Diante dessa relevância, será que é possível identificarmos condições essenciais para que a criatividade floresça? Em 2010, fui visitar a sede do Project Zero (organização ligada à Universidade de Harvard que se dedica a pesquisar as relações entre a aprendizagem e a arte). Um dos seus fundadores, Howard Gardner, enfatiza bastante a percepção de que a nossa infância é espontaneamente permeada pela capacidade de criar. Muitos artistas, como Pablo Picasso, já haviam relatado essa percepção. Nesse sentido, no papel de educadores, precisamos perseguir formas de manter vivas a mente e a sensibilidade das crianças. Ao invés de impor percursos engessados, que enfatizam a memorização de certas informações, as escolas deveriam estimular também a criatividade, em todos os níveis de ensino. Para que isso seja possível, Gardner destaca alguns ingredientes que considera fundamentais, como desafiar os estudantes para solução de problemas, expô-los ao risco e tolerar erros. Segundo ele, se não formos instigados, dificilmente teremos a chance de ser criativos.
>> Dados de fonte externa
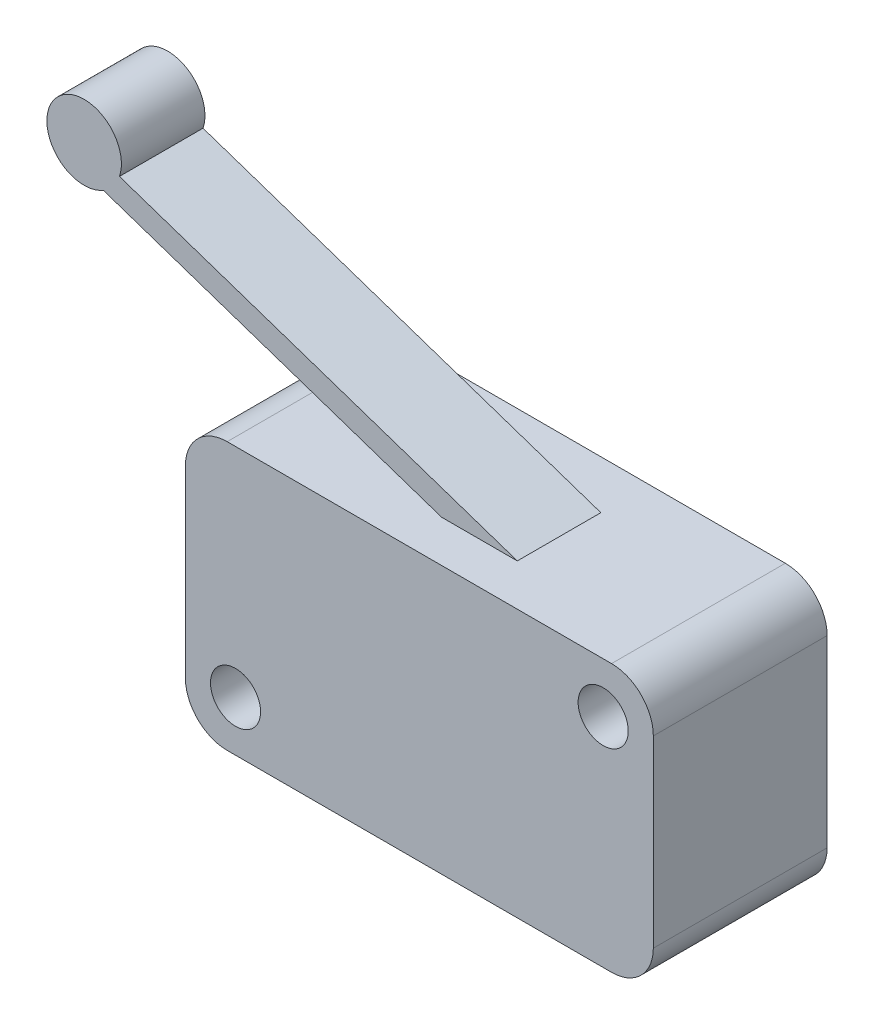
ISO-10303-21;
HEADER;
FILE_DESCRIPTION(('STEP AP214'),'2;1');
FILE_NAME('part.step','',(''),(''),'','','');
FILE_SCHEMA(('AUTOMOTIVE_DESIGN { 1 0 10303 214 1 1 1 1 }'));
ENDSEC;
DATA;
#1=APPLICATION_CONTEXT('core data for automotive mechanical design processes');
#2=APPLICATION_PROTOCOL_DEFINITION('international standard','automotive_design',2000,#1);
#3=PRODUCT_CONTEXT('',#1,'mechanical');
#4=PRODUCT('Part','Part','',(#3));
#5=PRODUCT_RELATED_PRODUCT_CATEGORY('part','',(#4));
#6=PRODUCT_DEFINITION_FORMATION('','',#4);
#7=PRODUCT_DEFINITION_CONTEXT('part definition',#1,'design');
#8=PRODUCT_DEFINITION('design','',#6,#7);
#9=PRODUCT_DEFINITION_SHAPE('','',#8);
#10=(LENGTH_UNIT() NAMED_UNIT(*) SI_UNIT(.MILLI.,.METRE.));
#11=(NAMED_UNIT(*) PLANE_ANGLE_UNIT() SI_UNIT($,.RADIAN.));
#12=(NAMED_UNIT(*) SI_UNIT($,.STERADIAN.) SOLID_ANGLE_UNIT());
#13=UNCERTAINTY_MEASURE_WITH_UNIT(LENGTH_MEASURE(1.E-05),#10,'distance_accuracy_value','');
#14=(GEOMETRIC_REPRESENTATION_CONTEXT(3) GLOBAL_UNCERTAINTY_ASSIGNED_CONTEXT((#13)) GLOBAL_UNIT_ASSIGNED_CONTEXT((#10,
#11,#12)) REPRESENTATION_CONTEXT('',''));
#15=CARTESIAN_POINT('',(0.,0.,0.));
#16=DIRECTION('',(0.,0.,1.));
#17=DIRECTION('',(1.,0.,0.));
#18=AXIS2_PLACEMENT_3D('',#15,#16,#17);
#19=CARTESIAN_POINT('',(0.,0.,10.4));
#20=DIRECTION('',(1.,0.,0.));
#21=DIRECTION('',(0.,0.,-1.));
#22=AXIS2_PLACEMENT_3D('',#19,#20,#21);
#23=PLANE('',#22);
#24=DIRECTION('',(0.,-1.,0.));
#25=VECTOR('',#24,1.);
#26=CARTESIAN_POINT('',(0.,0.,0.));
#27=LINE('',#26,#25);
#28=CARTESIAN_POINT('',(0.,13.5,0.));
#29=VERTEX_POINT('',#28);
#30=CARTESIAN_POINT('',(0.,2.5,0.));
#31=VERTEX_POINT('',#30);
#32=EDGE_CURVE('E167',#29,#31,#27,.T.);
#33=ORIENTED_EDGE('',*,*,#32,.T.);
#34=DIRECTION('',(0.,0.,-1.));
#35=VECTOR('',#34,1.);
#36=CARTESIAN_POINT('',(0.,2.5,10.4));
#37=LINE('',#36,#35);
#38=CARTESIAN_POINT('',(0.,2.5,10.4));
#39=VERTEX_POINT('',#38);
#40=EDGE_CURVE('E233',#31,#39,#37,.F.);
#41=ORIENTED_EDGE('',*,*,#40,.T.);
#42=DIRECTION('',(0.,-1.,0.));
#43=VECTOR('',#42,1.);
#44=CARTESIAN_POINT('',(0.,0.,10.4));
#45=LINE('',#44,#43);
#46=CARTESIAN_POINT('',(0.,13.5,10.4));
#47=VERTEX_POINT('',#46);
#48=EDGE_CURVE('E179',#47,#39,#45,.T.);
#49=ORIENTED_EDGE('',*,*,#48,.F.);
#50=DIRECTION('',(0.,0.,-1.));
#51=VECTOR('',#50,1.);
#52=CARTESIAN_POINT('',(0.,13.5,10.4));
#53=LINE('',#52,#51);
#54=EDGE_CURVE('E229',#47,#29,#53,.T.);
#55=ORIENTED_EDGE('',*,*,#54,.T.);
#56=EDGE_LOOP('',(#33,#41,#49,#55));
#57=FACE_BOUND('',#56,.T.);
#58=ADVANCED_FACE('F39',(#57),#23,.F.);
#59=CARTESIAN_POINT('',(0.,0.,10.4));
#60=DIRECTION('',(0.,1.,0.));
#61=DIRECTION('',(0.,0.,1.));
#62=AXIS2_PLACEMENT_3D('',#59,#60,#61);
#63=PLANE('',#62);
#64=DIRECTION('',(1.,0.,0.));
#65=VECTOR('',#64,1.);
#66=CARTESIAN_POINT('',(0.,0.,10.4));
#67=LINE('',#66,#65);
#68=CARTESIAN_POINT('',(2.5,0.,10.4));
#69=VERTEX_POINT('',#68);
#70=CARTESIAN_POINT('',(25.5,0.,10.4));
#71=VERTEX_POINT('',#70);
#72=EDGE_CURVE('E183',#69,#71,#67,.T.);
#73=ORIENTED_EDGE('',*,*,#72,.F.);
#74=DIRECTION('',(0.,0.,-1.));
#75=VECTOR('',#74,1.);
#76=CARTESIAN_POINT('',(2.5,0.,10.4));
#77=LINE('',#76,#75);
#78=CARTESIAN_POINT('',(2.5,0.,0.));
#79=VERTEX_POINT('',#78);
#80=EDGE_CURVE('E213',#69,#79,#77,.T.);
#81=ORIENTED_EDGE('',*,*,#80,.T.);
#82=DIRECTION('',(1.,0.,0.));
#83=VECTOR('',#82,1.);
#84=CARTESIAN_POINT('',(0.,0.,0.));
#85=LINE('',#84,#83);
#86=CARTESIAN_POINT('',(25.5,0.,0.));
#87=VERTEX_POINT('',#86);
#88=EDGE_CURVE('E200',#79,#87,#85,.T.);
#89=ORIENTED_EDGE('',*,*,#88,.T.);
#90=DIRECTION('',(0.,0.,-1.));
#91=VECTOR('',#90,1.);
#92=CARTESIAN_POINT('',(25.5,0.,10.4));
#93=LINE('',#92,#91);
#94=EDGE_CURVE('E196',#87,#71,#93,.F.);
#95=ORIENTED_EDGE('',*,*,#94,.T.);
#96=EDGE_LOOP('',(#73,#81,#89,#95));
#97=FACE_BOUND('',#96,.T.);
#98=ADVANCED_FACE('F288',(#97),#63,.F.);
#99=CARTESIAN_POINT('',(28.,0.,10.4));
#100=DIRECTION('',(-1.,0.,0.));
#101=DIRECTION('',(0.,0.,1.));
#102=AXIS2_PLACEMENT_3D('',#99,#100,#101);
#103=PLANE('',#102);
#104=DIRECTION('',(0.,1.,0.));
#105=VECTOR('',#104,1.);
#106=CARTESIAN_POINT('',(28.,0.,0.));
#107=LINE('',#106,#105);
#108=CARTESIAN_POINT('',(28.,2.5,0.));
#109=VERTEX_POINT('',#108);
#110=CARTESIAN_POINT('',(28.,13.5,0.));
#111=VERTEX_POINT('',#110);
#112=EDGE_CURVE('E204',#109,#111,#107,.T.);
#113=ORIENTED_EDGE('',*,*,#112,.T.);
#114=DIRECTION('',(0.,0.,-1.));
#115=VECTOR('',#114,1.);
#116=CARTESIAN_POINT('',(28.,13.5,10.4));
#117=LINE('',#116,#115);
#118=CARTESIAN_POINT('',(28.,13.5,10.4));
#119=VERTEX_POINT('',#118);
#120=EDGE_CURVE('E259',#111,#119,#117,.F.);
#121=ORIENTED_EDGE('',*,*,#120,.T.);
#122=DIRECTION('',(0.,1.,0.));
#123=VECTOR('',#122,1.);
#124=CARTESIAN_POINT('',(28.,0.,10.4));
#125=LINE('',#124,#123);
#126=CARTESIAN_POINT('',(28.,2.5,10.4));
#127=VERTEX_POINT('',#126);
#128=EDGE_CURVE('E188',#127,#119,#125,.T.);
#129=ORIENTED_EDGE('',*,*,#128,.F.);
#130=DIRECTION('',(0.,0.,-1.));
#131=VECTOR('',#130,1.);
#132=CARTESIAN_POINT('',(28.,2.5,10.4));
#133=LINE('',#132,#131);
#134=EDGE_CURVE('E255',#127,#109,#133,.T.);
#135=ORIENTED_EDGE('',*,*,#134,.T.);
#136=EDGE_LOOP('',(#113,#121,#129,#135));
#137=FACE_BOUND('',#136,.T.);
#138=ADVANCED_FACE('F294',(#137),#103,.F.);
#139=CARTESIAN_POINT('',(0.,16.,10.4));
#140=DIRECTION('',(0.,-1.,0.));
#141=DIRECTION('',(0.,0.,-1.));
#142=AXIS2_PLACEMENT_3D('',#139,#140,#141);
#143=PLANE('',#142);
#144=DIRECTION('',(0.,0.,-1.));
#145=VECTOR('',#144,1.);
#146=CARTESIAN_POINT('',(12.8351158209879,16.,10.4));
#147=LINE('',#146,#145);
#148=CARTESIAN_POINT('',(12.8351158209879,16.,7.9));
#149=VERTEX_POINT('',#148);
#150=CARTESIAN_POINT('',(12.8351158209879,16.,2.9));
#151=VERTEX_POINT('',#150);
#152=EDGE_CURVE('E148',#149,#151,#147,.T.);
#153=ORIENTED_EDGE('',*,*,#152,.T.);
#154=DIRECTION('',(1.,0.,0.));
#155=VECTOR('',#154,1.);
#156=CARTESIAN_POINT('',(0.,16.,2.9));
#157=LINE('',#156,#155);
#158=CARTESIAN_POINT('',(17.3601842271773,16.,2.9));
#159=VERTEX_POINT('',#158);
#160=EDGE_CURVE('E48',#151,#159,#157,.T.);
#161=ORIENTED_EDGE('',*,*,#160,.T.);
#162=DIRECTION('',(0.,0.,1.));
#163=VECTOR('',#162,1.);
#164=CARTESIAN_POINT('',(17.3601842271773,16.,2.9));
#165=LINE('',#164,#163);
#166=CARTESIAN_POINT('',(17.3601842271773,16.,7.9));
#167=VERTEX_POINT('',#166);
#168=EDGE_CURVE('E159',#159,#167,#165,.T.);
#169=ORIENTED_EDGE('',*,*,#168,.T.);
#170=DIRECTION('',(1.,0.,0.));
#171=VECTOR('',#170,1.);
#172=CARTESIAN_POINT('',(0.,16.,7.9));
#173=LINE('',#172,#171);
#174=EDGE_CURVE('E262',#149,#167,#173,.T.);
#175=ORIENTED_EDGE('',*,*,#174,.F.);
#176=EDGE_LOOP('',(#153,#161,#169,#175));
#177=FACE_BOUND('',#176,.T.);
#178=DIRECTION('',(-1.,0.,0.));
#179=VECTOR('',#178,1.);
#180=CARTESIAN_POINT('',(0.,16.,0.));
#181=LINE('',#180,#179);
#182=CARTESIAN_POINT('',(25.5,16.,0.));
#183=VERTEX_POINT('',#182);
#184=CARTESIAN_POINT('',(2.5,16.,0.));
#185=VERTEX_POINT('',#184);
#186=EDGE_CURVE('E184',#183,#185,#181,.T.);
#187=ORIENTED_EDGE('',*,*,#186,.T.);
#188=DIRECTION('',(0.,0.,-1.));
#189=VECTOR('',#188,1.);
#190=CARTESIAN_POINT('',(2.5,16.,10.4));
#191=LINE('',#190,#189);
#192=CARTESIAN_POINT('',(2.5,16.,10.4));
#193=VERTEX_POINT('',#192);
#194=EDGE_CURVE('E252',#185,#193,#191,.F.);
#195=ORIENTED_EDGE('',*,*,#194,.T.);
#196=DIRECTION('',(-1.,0.,0.));
#197=VECTOR('',#196,1.);
#198=CARTESIAN_POINT('',(0.,16.,10.4));
#199=LINE('',#198,#197);
#200=CARTESIAN_POINT('',(25.5,16.,10.4));
#201=VERTEX_POINT('',#200);
#202=EDGE_CURVE('E192',#201,#193,#199,.T.);
#203=ORIENTED_EDGE('',*,*,#202,.F.);
#204=DIRECTION('',(0.,0.,-1.));
#205=VECTOR('',#204,1.);
#206=CARTESIAN_POINT('',(25.5,16.,10.4));
#207=LINE('',#206,#205);
#208=EDGE_CURVE('E248',#201,#183,#207,.T.);
#209=ORIENTED_EDGE('',*,*,#208,.T.);
#210=EDGE_LOOP('',(#187,#195,#203,#209));
#211=FACE_BOUND('',#210,.T.);
#212=ADVANCED_FACE('F270',(#177,#211),#143,.F.);
#213=CARTESIAN_POINT('',(0.,0.,10.4));
#214=DIRECTION('',(0.,0.,-1.));
#215=DIRECTION('',(-1.,0.,0.));
#216=AXIS2_PLACEMENT_3D('',#213,#214,#215);
#217=PLANE('',#216);
#218=CARTESIAN_POINT('',(3.,3.,10.4));
#219=DIRECTION('',(0.,0.,1.));
#220=DIRECTION('',(1.,0.,0.));
#221=AXIS2_PLACEMENT_3D('',#218,#219,#220);
#222=CIRCLE('',#221,1.5);
#223=CARTESIAN_POINT('',(4.5,3.,10.4));
#224=VERTEX_POINT('',#223);
#225=EDGE_CURVE('E168',#224,#224,#222,.T.);
#226=ORIENTED_EDGE('',*,*,#225,.F.);
#227=EDGE_LOOP('',(#226));
#228=FACE_BOUND('',#227,.T.);
#229=CARTESIAN_POINT('',(25.,13.,10.4));
#230=DIRECTION('',(0.,0.,1.));
#231=DIRECTION('',(1.,0.,0.));
#232=AXIS2_PLACEMENT_3D('',#229,#230,#231);
#233=CIRCLE('',#232,1.5);
#234=CARTESIAN_POINT('',(26.5,13.,10.4));
#235=VERTEX_POINT('',#234);
#236=EDGE_CURVE('E162',#235,#235,#233,.T.);
#237=ORIENTED_EDGE('',*,*,#236,.F.);
#238=EDGE_LOOP('',(#237));
#239=FACE_BOUND('',#238,.T.);
#240=ORIENTED_EDGE('',*,*,#48,.T.);
#241=CARTESIAN_POINT('',(2.5,2.5,10.4));
#242=DIRECTION('',(0.,0.,-1.));
#243=DIRECTION('',(-1.,0.,0.));
#244=AXIS2_PLACEMENT_3D('',#241,#242,#243);
#245=CIRCLE('',#244,2.5);
#246=EDGE_CURVE('E245',#39,#69,#245,.F.);
#247=ORIENTED_EDGE('',*,*,#246,.T.);
#248=ORIENTED_EDGE('',*,*,#72,.T.);
#249=CARTESIAN_POINT('',(25.5,2.5,10.4));
#250=DIRECTION('',(0.,0.,-1.));
#251=DIRECTION('',(-1.,0.,0.));
#252=AXIS2_PLACEMENT_3D('',#249,#250,#251);
#253=CIRCLE('',#252,2.5);
#254=EDGE_CURVE('E236',#71,#127,#253,.F.);
#255=ORIENTED_EDGE('',*,*,#254,.T.);
#256=ORIENTED_EDGE('',*,*,#128,.T.);
#257=CARTESIAN_POINT('',(25.5,13.5,10.4));
#258=DIRECTION('',(0.,0.,-1.));
#259=DIRECTION('',(-1.,0.,0.));
#260=AXIS2_PLACEMENT_3D('',#257,#258,#259);
#261=CIRCLE('',#260,2.5);
#262=EDGE_CURVE('E239',#119,#201,#261,.F.);
#263=ORIENTED_EDGE('',*,*,#262,.T.);
#264=ORIENTED_EDGE('',*,*,#202,.T.);
#265=CARTESIAN_POINT('',(2.5,13.5,10.4));
#266=DIRECTION('',(0.,0.,-1.));
#267=DIRECTION('',(-1.,0.,0.));
#268=AXIS2_PLACEMENT_3D('',#265,#266,#267);
#269=CIRCLE('',#268,2.5);
#270=EDGE_CURVE('E242',#193,#47,#269,.F.);
#271=ORIENTED_EDGE('',*,*,#270,.T.);
#272=EDGE_LOOP('',(#240,#247,#248,#255,#256,#263,#264,#271));
#273=FACE_BOUND('',#272,.T.);
#274=ADVANCED_FACE('F319',(#228,#239,#273),#217,.F.);
#275=CARTESIAN_POINT('',(0.,0.,0.));
#276=DIRECTION('',(0.,0.,-1.));
#277=DIRECTION('',(-1.,0.,0.));
#278=AXIS2_PLACEMENT_3D('',#275,#276,#277);
#279=PLANE('',#278);
#280=CARTESIAN_POINT('',(3.,3.,0.));
#281=DIRECTION('',(0.,0.,1.));
#282=DIRECTION('',(1.,0.,0.));
#283=AXIS2_PLACEMENT_3D('',#280,#281,#282);
#284=CIRCLE('',#283,1.5);
#285=CARTESIAN_POINT('',(4.5,3.,0.));
#286=VERTEX_POINT('',#285);
#287=EDGE_CURVE('E163',#286,#286,#284,.T.);
#288=ORIENTED_EDGE('',*,*,#287,.T.);
#289=EDGE_LOOP('',(#288));
#290=FACE_BOUND('',#289,.T.);
#291=CARTESIAN_POINT('',(25.,13.,0.));
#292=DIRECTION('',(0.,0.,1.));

Já faz algum tempo que a criatividade deixou de ser um tema estratégico apenas para quem atua com arte, comunicação e entretenimento. Criatividade é hoje um tema substancial para muitos outros universos, como o da escola. E para que ela tenha condições de aflorar, precisamos inserir no cotidiano das instituições de ensino, de forma intencional, desafios que engajem o aluno, o educador e o gestor. Isso corresponde a garantir espaço para o risco, para o erro e para a inovação. A escola para todos, aquela com que sonhamos, só se materializará quando assumirmos a criatividade como um potente catalisador para o cumprimento de sua nobre missão.